REQUIREMENT: Report each line of the records below that holds the word "amount".
★ ★ ★ ★
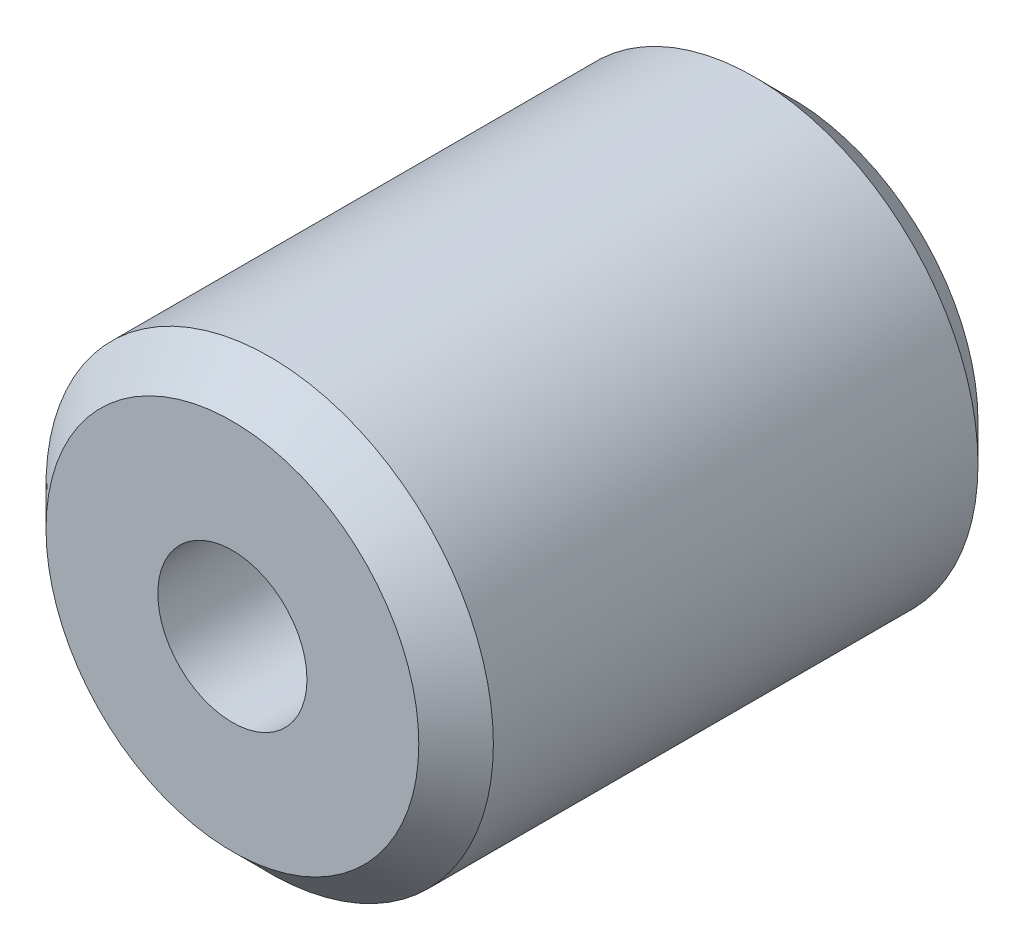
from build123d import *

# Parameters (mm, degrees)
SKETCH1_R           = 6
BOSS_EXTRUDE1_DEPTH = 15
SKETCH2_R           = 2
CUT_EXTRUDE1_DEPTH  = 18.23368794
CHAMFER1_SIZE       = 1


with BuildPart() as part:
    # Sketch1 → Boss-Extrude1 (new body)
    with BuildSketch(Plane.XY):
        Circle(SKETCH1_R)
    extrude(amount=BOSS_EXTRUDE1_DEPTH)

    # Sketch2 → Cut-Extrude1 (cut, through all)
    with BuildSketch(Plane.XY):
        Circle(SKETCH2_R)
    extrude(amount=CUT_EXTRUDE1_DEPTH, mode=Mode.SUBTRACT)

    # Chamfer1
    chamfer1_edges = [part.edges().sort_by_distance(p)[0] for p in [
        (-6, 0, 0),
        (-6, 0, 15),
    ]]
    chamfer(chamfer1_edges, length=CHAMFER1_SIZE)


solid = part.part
★ ★ ★ ★
YOUR SOLUTION:
    extrude(amount=BOSS_EXTRUDE1_DEPTH)
    extrude(amount=CUT_EXTRUDE1_DEPTH, mode=Mode.SUBTRACT)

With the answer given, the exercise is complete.